Design and implementation of end-to-end synthetic system for Hokkien
YAN Shijiang1,CHEN Yue1,YAN Wanling1,XU Binbin2,LI Lin3,HONG Qingyang1*

(1.School of Informatics,Xiamen University,Xiamen 361005,China; 2.School of Humanities,Xiamen University,Xiamen 361005,China; 3.School of Electronic Science and Engineering,Xiamen University,Xiamen 361005,China)

DOI: 10.6043/j.issn.0438-0479.201909027

备注

为了更好地研究语音合成在闽南语上的应用,建立了闽南语数据库,并验证了Tacotron2为有效的语音合成模型.数据库方面,建立起地方特色的闽南语词库和音素体系; 模型框架方面,在Tacotron和Tacotron2以及结合了两者不同模块的融合框架上进行实验对比.在厦门大学自主采集的厦门口音闽南语数据集的基础上,使用闽南语识别模型对语音数据进行解码得到对应的带有标点符号的音素序列,通过专业定制的词典建立音素标注体系,进行多组实验,比较采样率、建模方式和模型结构对合成音质以及稳定性的影响,通过梅尔谱和编码解码对齐图等评测标准,得到了三者的最佳搭配方案.

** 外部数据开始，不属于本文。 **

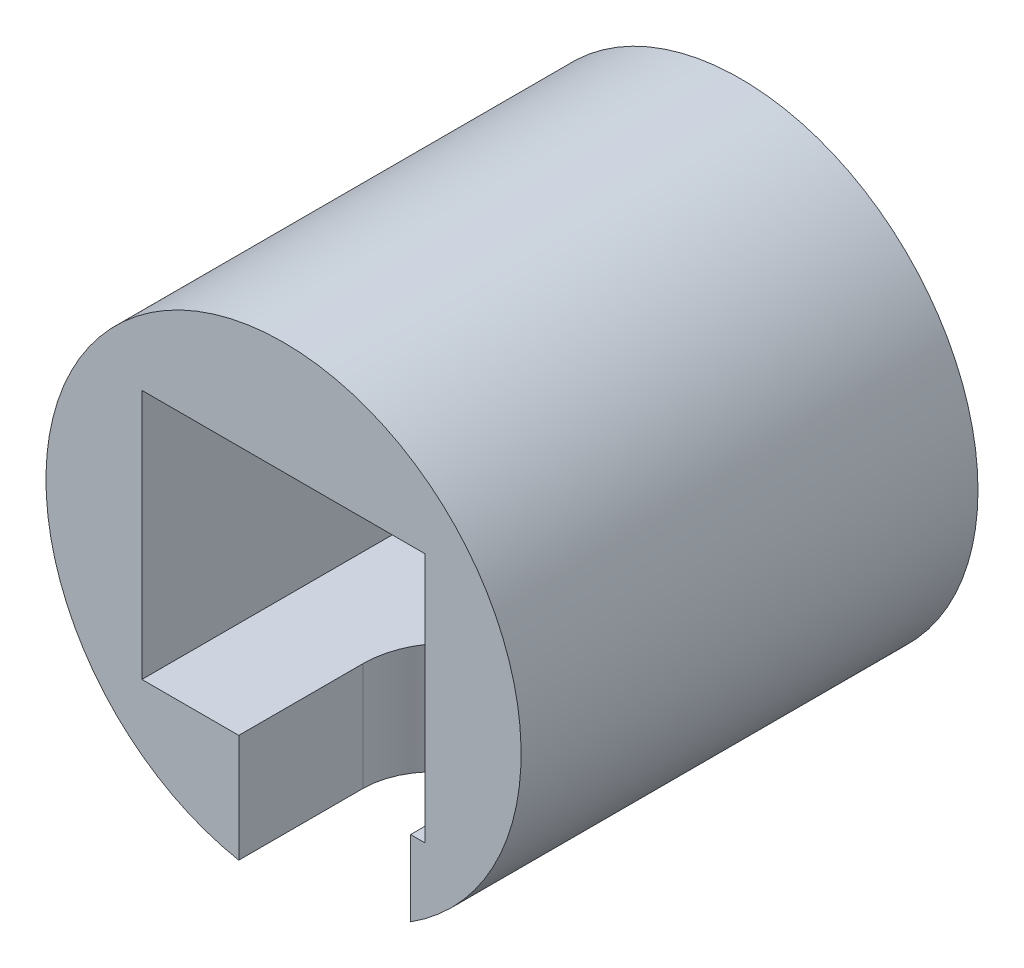
from build123d import *

# Parameters (mm, degrees)
SKETCH1_R               = 13
SKETCH1_R_2             = 3
BOSS_EXTRUDE1_DEPTH     = 25
CUT_EXTRUDE1_DEPTH      = 6.85
CUT_EXTRUDE2_REACH      = 33.032
CUT_EXTRUDE2_END_RADIUS = 13


with BuildPart() as part:
    # Sketch1 → Boss-Extrude1 (new body)
    with BuildSketch(Plane.XY):
        Circle(SKETCH1_R)
        Circle(SKETCH1_R_2, mode=Mode.SUBTRACT)
    extrude(amount=BOSS_EXTRUDE1_DEPTH)

    # Sketch2 → Cut-Extrude1 (cut, symmetric)
    with BuildSketch(Plane(origin=(0, 0, 0), x_dir=(1, 0, 0), z_dir=(0, 1, 0))):
        with BuildLine():
            Line((7.75, -25), (-7.75, -25))
            Line((-7.75, -25), (-7.75, -11.223711967))
            ThreePointArc((-7.75, -11.223711967), (-0.729296339, -6.376616895), (7.75, -7.317969182))
            Line((7.75, -7.317969182), (7.75, -25))
        make_face()
    extrude(amount=CUT_EXTRUDE1_DEPTH, both=True, mode=Mode.SUBTRACT)

    # Cut-Extrude2: up to this cylinder (the profile starts inside it)
    cut_extrude2_end = Plane(origin=(0, 0, 19.701869), z_dir=(0, 0, -1)) * Cylinder(CUT_EXTRUDE2_END_RADIUS, 93.064, mode=Mode.PRIVATE)
    # Sketch3 → Cut-Extrude2 (cut, up to the surface)
    with BuildSketch(Plane(origin=(0, 0, 0), x_dir=(1, 0, 0), z_dir=(0, 1, 0)), mode=Mode.PRIVATE) as cut_extrude2_sk1:
        with BuildLine():
            Line((-2.45, -18.2), (-2.45, -25))
            Line((-2.45, -25), (6.95, -25))
            Line((6.95, -25), (6.95, -18.2))
            ThreePointArc((6.95, -18.2), (2.25, -13.5), (-2.45, -18.2))
        make_face()
    cut_extrude2_tool1 = extrude(cut_extrude2_sk1.sketch, amount=-CUT_EXTRUDE2_REACH, mode=Mode.PRIVATE) & cut_extrude2_end
    add(cut_extrude2_tool1.solids().sort_by_distance((2.25, 0, 19.701869))[0], mode=Mode.SUBTRACT)


solid = part.part
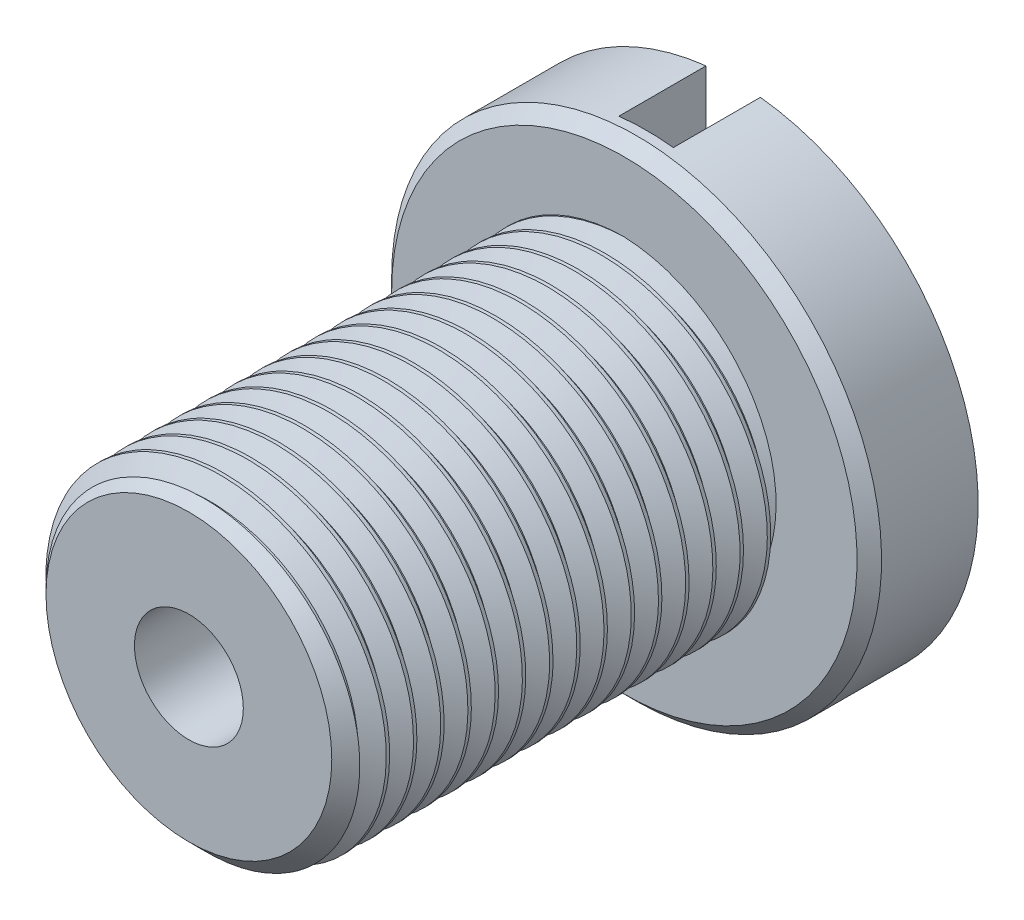
from build123d import *

# Parameters (mm, degrees)
SKETCH1_R          = 9.525
EXTRUDE1_DEPTH     = 25.4
CHAMFER3_SIZE      = 1.190625
CUT_SWEEP1_PITCH   = 1.5875
SKETCH6_R          = 14.2875
EXTRUDE2_DEPTH     = 19.05
CUT_EXTRUDE1_DEPTH = 11.90625
CHAMFER1_SIZE      = 1.42875
CHAMFER2_SIZE      = 0.714375
SKETCH11_R         = 17.347326212
CUT_EXTRUDE4_DEPTH = 12.7
SKETCH13_R         = 3.175
CUT_EXTRUDE6_DEPTH = 38.634131036
SKETCH15_W         = 3.175
SKETCH15_H         = 30.48
CUT_EXTRUDE7_DEPTH = 5.08


with BuildPart() as part:
    # Sketch1 → Extrude1 (new body)
    with BuildSketch(Plane.XY):
        Circle(SKETCH1_R)
    extrude(amount=-EXTRUDE1_DEPTH)

    # Chamfer3
    chamfer3_edges = [part.edges().sort_by_distance(p)[0] for p in [
        (-9.525, 0, 0),
    ]]
    chamfer(chamfer3_edges, length=CHAMFER3_SIZE)

    # Cut-Sweep1: the profile of Sketch3 profile screwed along a right-hand helix of 17 turns, 6 arcs to a turn; built about Z, then put on its axis
    cut_sweep1_z = Axis((0, 0, 0), (0, 0, 1))
    cut_sweep1_corners = [(9.5253, 0, -1.389235705), (8.493888504, 0, -0.79375), (8.493888504, 0, -0.5953125), (9.5253, 0, 0.000173205)]
    with BuildLine(mode=Mode.PRIVATE) as cut_sweep1_profile:
        Line(cut_sweep1_corners[0], cut_sweep1_corners[1])
        Line(cut_sweep1_corners[1], cut_sweep1_corners[2])
        Line(cut_sweep1_corners[2], cut_sweep1_corners[3])
        Line(cut_sweep1_corners[3], cut_sweep1_corners[0])
    cut_sweep1_cap = Face(cut_sweep1_profile.wire())
    cut_sweep1_turn_angles = [0, 30, 60, 90, 120, 150, 180, 210, 240, 270, 300, 330, 360]
    cut_sweep1_turn_weights = [1, 0.8660254037844387, 1, 0.8660254037844387, 1, 0.8660254037844387, 1, 0.8660254037844387, 1, 0.8660254037844387, 1, 0.8660254037844387, 1]
    cut_sweep1_turn_rails = [Edge.make_bspline([Vector(p[0], p[1], 0).rotate(cut_sweep1_z, cut_sweep1_turn_angles[k]) / cut_sweep1_turn_weights[k] + Vector(0, 0, p[2] + CUT_SWEEP1_PITCH * cut_sweep1_turn_angles[k] / 360) for k in range(13)], [0, 0, 0, 1, 1, 2, 2, 3, 3, 4, 4, 5, 5, 6, 6, 6], 2, cut_sweep1_turn_weights) for p in cut_sweep1_corners]
    cut_sweep1_turn_sides = [Face.make_surface_from_curves(cut_sweep1_turn_rails[p[0]], cut_sweep1_turn_rails[p[1]]) for p in [(0, 1), (1, 2), (2, 3), (3, 0)]]
    cut_sweep1 = Plane(origin=(0, 0, 0), x_dir=(0, 1, 0), z_dir=(0, 0, -1)) * Solid(Shell([*[p.moved(Location((0, 0, CUT_SWEEP1_PITCH * i))) for i in range(17) for p in cut_sweep1_turn_sides], cut_sweep1_cap, cut_sweep1_cap.rotate(cut_sweep1_z, 6120).moved(Location((0, 0, CUT_SWEEP1_PITCH * 6120 / 360)))]))
    add(cut_sweep1, mode=Mode.SUBTRACT)

    # Sketch6 → Extrude2 (add)
    with BuildSketch(Plane(origin=(0, 0, -25.4), x_dir=(-1, 0, 0), z_dir=(0, 0, -1))):
        with Locations(Location((0, 0, 0), (0, 0, 180))):
            Circle(SKETCH6_R)
    extrude(amount=EXTRUDE2_DEPTH)

    # Sketch7 → Cut-Extrude1 (cut)
    with BuildSketch(Plane(origin=(0, 0, -44.45), x_dir=(-1, 0, 0), z_dir=(0, 0, -1))):
        Polygon((0, 9.165435523), (-7.9375, 4.582717762), (-7.9375, -4.582717762), (0, -9.165435523), (7.9375, -4.582717762), (7.9375, 4.582717762), align=None)
    extrude(amount=-CUT_EXTRUDE1_DEPTH, mode=Mode.SUBTRACT)

    # Cut-Extrude2 cone 1 section (through the dimple's axis) → Cut-Extrude2 (revolve, cut)
    with BuildSketch(Plane(origin=(0, 0, -44.45), x_dir=(0, 1, 0), z_dir=(1, 0, 0))):
        Polygon((0, 0), (9.165435523, 0), (0, 9.165435523), align=None)
    revolve(axis=Axis((0, 0, -44.45), (0, 0, 1)), mode=Mode.SUBTRACT)

    # Chamfer1
    chamfer1_edges = [part.edges().sort_by_distance(p)[0] for p in [
        (-14.2875, 0, -44.45),
    ]]
    chamfer(chamfer1_edges, length=CHAMFER1_SIZE)

    # Chamfer2
    chamfer2_edges = [part.edges().sort_by_distance(p)[0] for p in [
        (-14.2875, 0, -25.4),
    ]]
    chamfer(chamfer2_edges, length=CHAMFER2_SIZE)

    # Sketch11 → Cut-Extrude4 (cut)
    with BuildSketch(Plane(origin=(0, 0, -44.45), x_dir=(-1, 0, 0), z_dir=(0, 0, -1))):
        Circle(SKETCH11_R)
    extrude(amount=-CUT_EXTRUDE4_DEPTH, mode=Mode.SUBTRACT)

    # Sketch13 → Cut-Extrude6 (cut, through all)
    with BuildSketch(Plane(origin=(0, 0, -31.75), x_dir=(-1, 0, 0), z_dir=(0, 0, -1))):
        Circle(SKETCH13_R)
    extrude(amount=-CUT_EXTRUDE6_DEPTH, mode=Mode.SUBTRACT)

    # Sketch15 → Cut-Extrude7 (cut)
    with BuildSketch(Plane(origin=(0, 0, -31.75), x_dir=(-1, 0, 0), z_dir=(0, 0, -1))):
        Rectangle(SKETCH15_W, SKETCH15_H)
    extrude(amount=-CUT_EXTRUDE7_DEPTH, mode=Mode.SUBTRACT)


solid = part.part
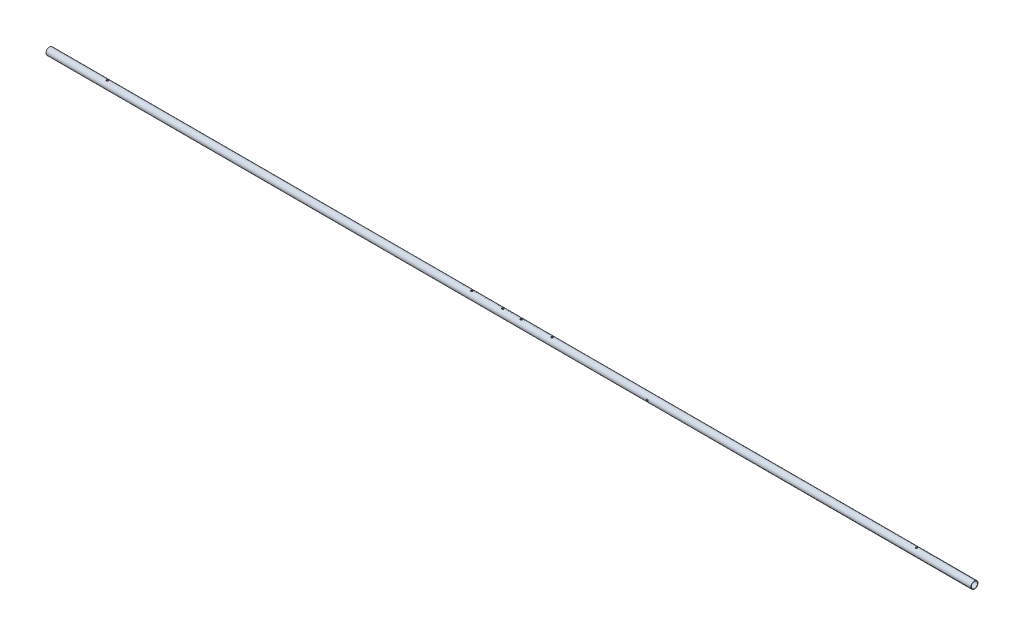
from build123d import *

# Parameters (mm, degrees)
SKETCH3_R               = 11.7094
SKETCH3_R_2             = 10.4648
BOSS_EXTRUDE1_DEPTH     = 3048
CUT_EXTRUDE1_DEPTH      = 3049.04498328
CUT_EXTRUDE1_DEPTH_BACK = 3049.04498328
SKETCH4_R               = 3.175
CUT_EXTRUDE2_DEPTH      = 3049.04498338
CUT_EXTRUDE2_DEPTH_BACK = 3049.04498338
SKETCH5_R               = 3.175
CUT_EXTRUDE3_DEPTH      = 3049.04498338
CUT_EXTRUDE3_DEPTH_BACK = 3049.04498338
SKETCH7_R               = 3.175


with BuildPart() as part:
    # Sketch3 → Boss-Extrude1 (new body)
    with BuildSketch(Plane(origin=(0, 0, 0), x_dir=(0, 0, -1), z_dir=(1, 0, 0))):
        Circle(SKETCH3_R)
        Circle(SKETCH3_R_2, mode=Mode.SUBTRACT)
    extrude(amount=BOSS_EXTRUDE1_DEPTH)

    # Sketch4 → Cut-Extrude1 (cut, two sides: drawn at the far end of the back side and taken through both)
    with BuildSketch(Plane(origin=(0, 0, 0), x_dir=(1, 0, 0), z_dir=(0, 1, 0)).offset(-CUT_EXTRUDE1_DEPTH_BACK)):
        with Locations((1493.52, 0)):
            Circle(SKETCH4_R)
        with Locations((1554.48, 0)):
            Circle(SKETCH4_R)
        with Locations((1656.1816, 0)):
            Circle(SKETCH4_R)
        with Locations((1391.8184, 0)):
            Circle(SKETCH4_R)
    extrude(amount=CUT_EXTRUDE1_DEPTH + CUT_EXTRUDE1_DEPTH_BACK, mode=Mode.SUBTRACT)

    # Sketch5 → Cut-Extrude2 (cut, two sides: drawn at the far end of the back side and taken through both)
    with BuildSketch(Plane(origin=(0, 0, 0), x_dir=(1, 0, 0), z_dir=(0, 1, 0)).offset(-CUT_EXTRUDE2_DEPTH_BACK)):
        with Locations((190.5, 0)):
            Circle(SKETCH5_R)
        with Locations((2857.5, 0)):
            Circle(SKETCH5_R)
    extrude(amount=CUT_EXTRUDE2_DEPTH + CUT_EXTRUDE2_DEPTH_BACK, mode=Mode.SUBTRACT)

    # Sketch7 → Cut-Extrude3 (cut, two sides: drawn at the far end of the back side and taken through both)
    with BuildSketch(Plane.XY.offset(-CUT_EXTRUDE3_DEPTH_BACK)):
        with Locations((1981.2, 0)):
            Circle(SKETCH7_R)
    extrude(amount=CUT_EXTRUDE3_DEPTH + CUT_EXTRUDE3_DEPTH_BACK, mode=Mode.SUBTRACT)


solid = part.part

To better study the application of speech synthesis in Hokkien,we have established the database and verified that Tacotron2 is an effective speech synthesis model.For database,the establishment of a comprehensive and localized Hokkien vocabulary and phoneme system is adopted; for the model,in the model architecture of Tacotron and Tacotron2,the integration and optimization of the two models are explored,and the attention mechanism and other modules are optimized.On the data set of Xiamen pronunciation of Hokkien,the corresponding phoneme sequences with punctuation marks are decoded by Hokkien recognition model.A post-phoneme annotation system is established through a specially customized dictionary.A series of experiments are carried out to compare effects of sampling rate,modeling method and model structure on the synthesized phoneme quality and stability.Through Mel spectrum and alignment map of decoding and encoding,the best configuration is obtained.